Let me emphasize again, so that it is clearly and widely understood, that the Centre will serve the needs of government schools as well as those operated by non-government organizations. This is a distinctive and positive feature. It breaks down the traditional divide between the public and private sectors. This divide has existed too long, and actually been a burden on all-round improvement of education in the country. The goal is to enable and reward teachers, to stimulate new thinking about what they are teaching and why, about teaching material and the delivery of the contents of curricula, and to make the best use of personnel and facilities through improvement and management across all the schools in the region.
I need not remind this audience that Islam places special importance on the value of education. Learning is ennobling. Teaching is one of the most valued professions because it opens minds to greater self-awareness as well as to the knowledge that gives learners greater control over their destinies.

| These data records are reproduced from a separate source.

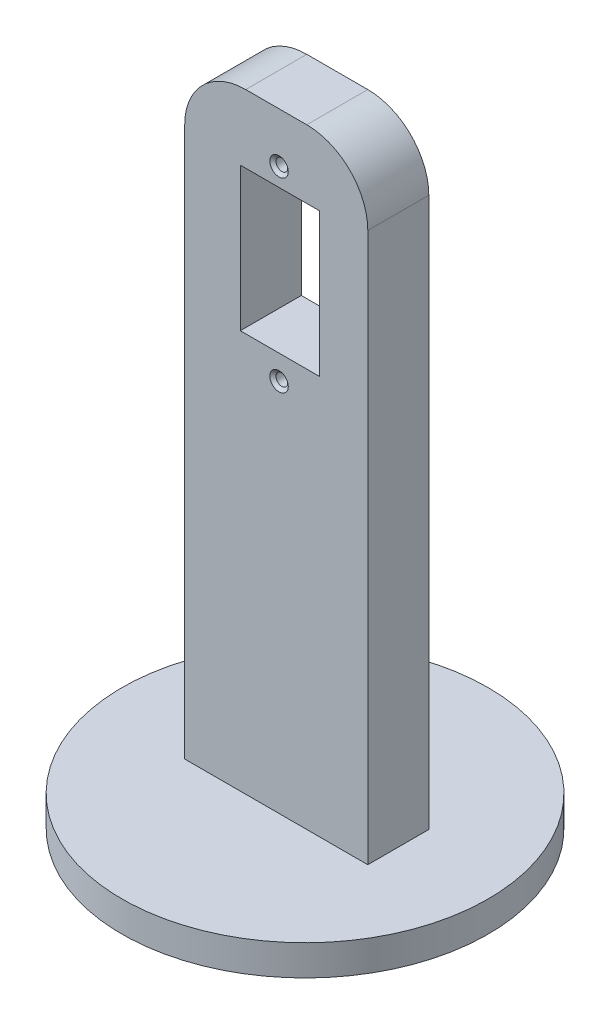
ISO-10303-21;
HEADER;
FILE_DESCRIPTION(('STEP AP214'),'2;1');
FILE_NAME('part.step','',(''),(''),'','','');
FILE_SCHEMA(('AUTOMOTIVE_DESIGN { 1 0 10303 214 1 1 1 1 }'));
ENDSEC;
DATA;
#1=APPLICATION_CONTEXT('core data for automotive mechanical design processes');
#2=APPLICATION_PROTOCOL_DEFINITION('international standard','automotive_design',2000,#1);
#3=PRODUCT_CONTEXT('',#1,'mechanical');
#4=PRODUCT('Part','Part','',(#3));
#5=PRODUCT_RELATED_PRODUCT_CATEGORY('part','',(#4));
#6=PRODUCT_DEFINITION_FORMATION('','',#4);
#7=PRODUCT_DEFINITION_CONTEXT('part definition',#1,'design');
#8=PRODUCT_DEFINITION('design','',#6,#7);
#9=PRODUCT_DEFINITION_SHAPE('','',#8);
#10=(LENGTH_UNIT() NAMED_UNIT(*) SI_UNIT(.MILLI.,.METRE.));
#11=(NAMED_UNIT(*) PLANE_ANGLE_UNIT() SI_UNIT($,.RADIAN.));
#12=(NAMED_UNIT(*) SI_UNIT($,.STERADIAN.) SOLID_ANGLE_UNIT());
#13=UNCERTAINTY_MEASURE_WITH_UNIT(LENGTH_MEASURE(1.E-05),#10,'distance_accuracy_value','');
#14=(GEOMETRIC_REPRESENTATION_CONTEXT(3) GLOBAL_UNCERTAINTY_ASSIGNED_CONTEXT((#13)) GLOBAL_UNIT_ASSIGNED_CONTEXT((#10,
#11,#12)) REPRESENTATION_CONTEXT('',''));
#15=CARTESIAN_POINT('',(0.,0.,0.));
#16=DIRECTION('',(0.,0.,1.));
#17=DIRECTION('',(1.,0.,0.));
#18=AXIS2_PLACEMENT_3D('',#15,#16,#17);
#19=CARTESIAN_POINT('',(49.6773080837469,70.3169604094147,10.));
#20=DIRECTION('',(0.,0.,-1.));
#21=DIRECTION('',(-1.,0.,0.));
#22=AXIS2_PLACEMENT_3D('',#19,#20,#21);
#23=CYLINDRICAL_SURFACE('',#22,9.99999999999999);
#24=CARTESIAN_POINT('',(49.6773080837469,70.3169604094147,0.));
#25=DIRECTION('',(0.,0.,1.));
#26=DIRECTION('',(-1.,0.,0.));
#27=AXIS2_PLACEMENT_3D('',#24,#25,#26);
#28=CIRCLE('',#27,9.99999999999999);
#29=CARTESIAN_POINT('',(59.6773080837469,70.3169604094146,0.));
#30=VERTEX_POINT('',#29);
#31=CARTESIAN_POINT('',(49.6773080837469,80.3169604094147,0.));
#32=VERTEX_POINT('',#31);
#33=EDGE_CURVE('E154',#30,#32,#28,.T.);
#34=ORIENTED_EDGE('',*,*,#33,.T.);
#35=DIRECTION('',(0.,0.,-1.));
#36=VECTOR('',#35,1.);
#37=CARTESIAN_POINT('',(49.6773080837469,80.3169604094147,10.));
#38=LINE('',#37,#36);
#39=CARTESIAN_POINT('',(49.6773080837469,80.3169604094147,10.));
#40=VERTEX_POINT('',#39);
#41=EDGE_CURVE('E11',#40,#32,#38,.T.);
#42=ORIENTED_EDGE('',*,*,#41,.F.);
#43=CARTESIAN_POINT('',(49.6773080837469,70.3169604094147,10.));
#44=DIRECTION('',(0.,0.,1.));
#45=DIRECTION('',(-1.,0.,0.));
#46=AXIS2_PLACEMENT_3D('',#43,#44,#45);
#47=CIRCLE('',#46,9.99999999999999);
#48=CARTESIAN_POINT('',(59.6773080837469,70.3169604094146,10.));
#49=VERTEX_POINT('',#48);
#50=EDGE_CURVE('E159',#49,#40,#47,.T.);
#51=ORIENTED_EDGE('',*,*,#50,.F.);
#52=DIRECTION('',(0.,0.,-1.));
#53=VECTOR('',#52,1.);
#54=CARTESIAN_POINT('',(59.6773080837469,70.3169604094146,10.));
#55=LINE('',#54,#53);
#56=EDGE_CURVE('E141',#49,#30,#55,.T.);
#57=ORIENTED_EDGE('',*,*,#56,.T.);
#58=EDGE_LOOP('',(#34,#42,#51,#57));
#59=FACE_BOUND('',#58,.T.);
#60=ADVANCED_FACE('F39',(#59),#23,.T.);
#61=CARTESIAN_POINT('',(39.6773080837469,80.3169604094147,10.));
#62=DIRECTION('',(0.,-1.,0.));
#63=DIRECTION('',(1.,0.,0.));
#64=AXIS2_PLACEMENT_3D('',#61,#62,#63);
#65=PLANE('',#64);
#66=DIRECTION('',(-1.,0.,0.));
#67=VECTOR('',#66,1.);
#68=CARTESIAN_POINT('',(39.6773080837469,80.3169604094147,0.));
#69=LINE('',#68,#67);
#70=CARTESIAN_POINT('',(39.6773080837469,80.3169604094147,0.));
#71=VERTEX_POINT('',#70);
#72=EDGE_CURVE('E153',#32,#71,#69,.T.);
#73=ORIENTED_EDGE('',*,*,#72,.T.);
#74=DIRECTION('',(0.,0.,-1.));
#75=VECTOR('',#74,1.);
#76=CARTESIAN_POINT('',(39.6773080837469,80.3169604094147,10.));
#77=LINE('',#76,#75);
#78=CARTESIAN_POINT('',(39.6773080837469,80.3169604094147,10.));
#79=VERTEX_POINT('',#78);
#80=EDGE_CURVE('E46',#79,#71,#77,.T.);
#81=ORIENTED_EDGE('',*,*,#80,.F.);
#82=DIRECTION('',(-1.,0.,0.));
#83=VECTOR('',#82,1.);
#84=CARTESIAN_POINT('',(39.6773080837469,80.3169604094147,10.));
#85=LINE('',#84,#83);
#86=EDGE_CURVE('E188',#40,#79,#85,.T.);
#87=ORIENTED_EDGE('',*,*,#86,.F.);
#88=ORIENTED_EDGE('',*,*,#41,.T.);
#89=EDGE_LOOP('',(#73,#81,#87,#88));
#90=FACE_BOUND('',#89,.T.);
#91=ADVANCED_FACE('F194',(#90),#65,.F.);
#92=CARTESIAN_POINT('',(39.6773080837469,70.3169604094147,10.));
#93=DIRECTION('',(0.,0.,-1.));
#94=DIRECTION('',(-1.,0.,0.));
#95=AXIS2_PLACEMENT_3D('',#92,#93,#94);
#96=CYLINDRICAL_SURFACE('',#95,10.);
#97=CARTESIAN_POINT('',(39.6773080837469,70.3169604094147,0.));
#98=DIRECTION('',(0.,0.,1.));
#99=DIRECTION('',(1.,0.,0.));
#100=AXIS2_PLACEMENT_3D('',#97,#98,#99);
#101=CIRCLE('',#100,10.);
#102=CARTESIAN_POINT('',(29.6773080837469,70.3169604094147,0.));
#103=VERTEX_POINT('',#102);
#104=EDGE_CURVE('E137',#71,#103,#101,.T.);
#105=ORIENTED_EDGE('',*,*,#104,.T.);
#106=DIRECTION('',(0.,0.,-1.));
#107=VECTOR('',#106,1.);
#108=CARTESIAN_POINT('',(29.6773080837469,70.3169604094147,10.));
#109=LINE('',#108,#107);
#110=CARTESIAN_POINT('',(29.6773080837469,70.3169604094147,10.));
#111=VERTEX_POINT('',#110);
#112=EDGE_CURVE('E134',#111,#103,#109,.T.);
#113=ORIENTED_EDGE('',*,*,#112,.F.);
#114=CARTESIAN_POINT('',(39.6773080837469,70.3169604094147,10.));
#115=DIRECTION('',(0.,0.,1.));
#116=DIRECTION('',(1.,0.,0.));
#117=AXIS2_PLACEMENT_3D('',#114,#115,#116);
#118=CIRCLE('',#117,10.);
#119=EDGE_CURVE('E151',#79,#111,#118,.T.);
#120=ORIENTED_EDGE('',*,*,#119,.F.);
#121=ORIENTED_EDGE('',*,*,#80,.T.);
#122=EDGE_LOOP('',(#105,#113,#120,#121));
#123=FACE_BOUND('',#122,.T.);
#124=ADVANCED_FACE('F148',(#123),#96,.T.);
#125=CARTESIAN_POINT('',(29.6773080837469,70.3169604094147,10.));
#126=DIRECTION('',(1.,0.,0.));
#127=DIRECTION('',(0.,1.,0.));
#128=AXIS2_PLACEMENT_3D('',#125,#126,#127);
#129=PLANE('',#128);
#130=DIRECTION('',(0.,-1.,0.));
#131=VECTOR('',#130,1.);
#132=CARTESIAN_POINT('',(29.6773080837469,70.3169604094147,0.));
#133=LINE('',#132,#131);
#134=CARTESIAN_POINT('',(29.6773080837469,-19.6830395905853,0.));
#135=VERTEX_POINT('',#134);
#136=EDGE_CURVE('E122',#103,#135,#133,.T.);
#137=ORIENTED_EDGE('',*,*,#136,.T.);
#138=DIRECTION('',(0.,0.,-1.));
#139=VECTOR('',#138,1.);
#140=CARTESIAN_POINT('',(29.6773080837469,-19.6830395905853,10.));
#141=LINE('',#140,#139);
#142=CARTESIAN_POINT('',(29.6773080837469,-19.6830395905853,10.));
#143=VERTEX_POINT('',#142);
#144=EDGE_CURVE('E135',#143,#135,#141,.T.);
#145=ORIENTED_EDGE('',*,*,#144,.F.);
#146=DIRECTION('',(0.,-1.,0.));
#147=VECTOR('',#146,1.);
#148=CARTESIAN_POINT('',(29.6773080837469,70.3169604094147,10.));
#149=LINE('',#148,#147);
#150=EDGE_CURVE('E167',#111,#143,#149,.T.);
#151=ORIENTED_EDGE('',*,*,#150,.F.);
#152=ORIENTED_EDGE('',*,*,#112,.T.);
#153=EDGE_LOOP('',(#137,#145,#151,#152));
#154=FACE_BOUND('',#153,.T.);
#155=ADVANCED_FACE('F128',(#154),#129,.F.);
#156=CARTESIAN_POINT('',(59.6773080837469,70.3169604094146,10.));
#157=DIRECTION('',(-1.,0.,0.));
#158=DIRECTION('',(0.,0.,1.));
#159=AXIS2_PLACEMENT_3D('',#156,#157,#158);
#160=PLANE('',#159);
#161=DIRECTION('',(0.,1.,0.));
#162=VECTOR('',#161,1.);
#163=CARTESIAN_POINT('',(59.6773080837469,70.3169604094146,0.));
#164=LINE('',#163,#162);
#165=CARTESIAN_POINT('',(59.6773080837469,-19.6830395905853,0.));
#166=VERTEX_POINT('',#165);
#167=EDGE_CURVE('E125',#166,#30,#164,.T.);
#168=ORIENTED_EDGE('',*,*,#167,.T.);
#169=ORIENTED_EDGE('',*,*,#56,.F.);
#170=DIRECTION('',(0.,1.,0.));
#171=VECTOR('',#170,1.);
#172=CARTESIAN_POINT('',(59.6773080837469,70.3169604094146,10.));
#173=LINE('',#172,#171);
#174=CARTESIAN_POINT('',(59.6773080837469,-19.6830395905853,10.));
#175=VERTEX_POINT('',#174);
#176=EDGE_CURVE('E163',#175,#49,#173,.T.);
#177=ORIENTED_EDGE('',*,*,#176,.F.);
#178=DIRECTION('',(0.,0.,-1.));
#179=VECTOR('',#178,1.);
#180=CARTESIAN_POINT('',(59.6773080837469,-19.6830395905853,10.));
#181=LINE('',#180,#179);
#182=EDGE_CURVE('E136',#175,#166,#181,.T.);
#183=ORIENTED_EDGE('',*,*,#182,.T.);
#184=EDGE_LOOP('',(#168,#169,#177,#183));
#185=FACE_BOUND('',#184,.T.);
#186=ADVANCED_FACE('F201',(#185),#160,.F.);
#187=CARTESIAN_POINT('',(49.6773080837469,70.3169604094147,10.));
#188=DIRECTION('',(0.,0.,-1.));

In addition to what the Professional Development Centre should do for the quality of teaching in its catchment area, it introduces teachers, and by example, others, to an experience with life-long education with all of its potential for personal development and satisfaction.
I convey my very best wishes for the success and further development of the Centre and its programmes to everyone involved in its oversight, management and programmes. You have been given the very best of facilities and support with which to work. If you are successful, as inshallah you will be, your work will have a major impact on the quality of education and the status of the teaching profession in the Northern Areas.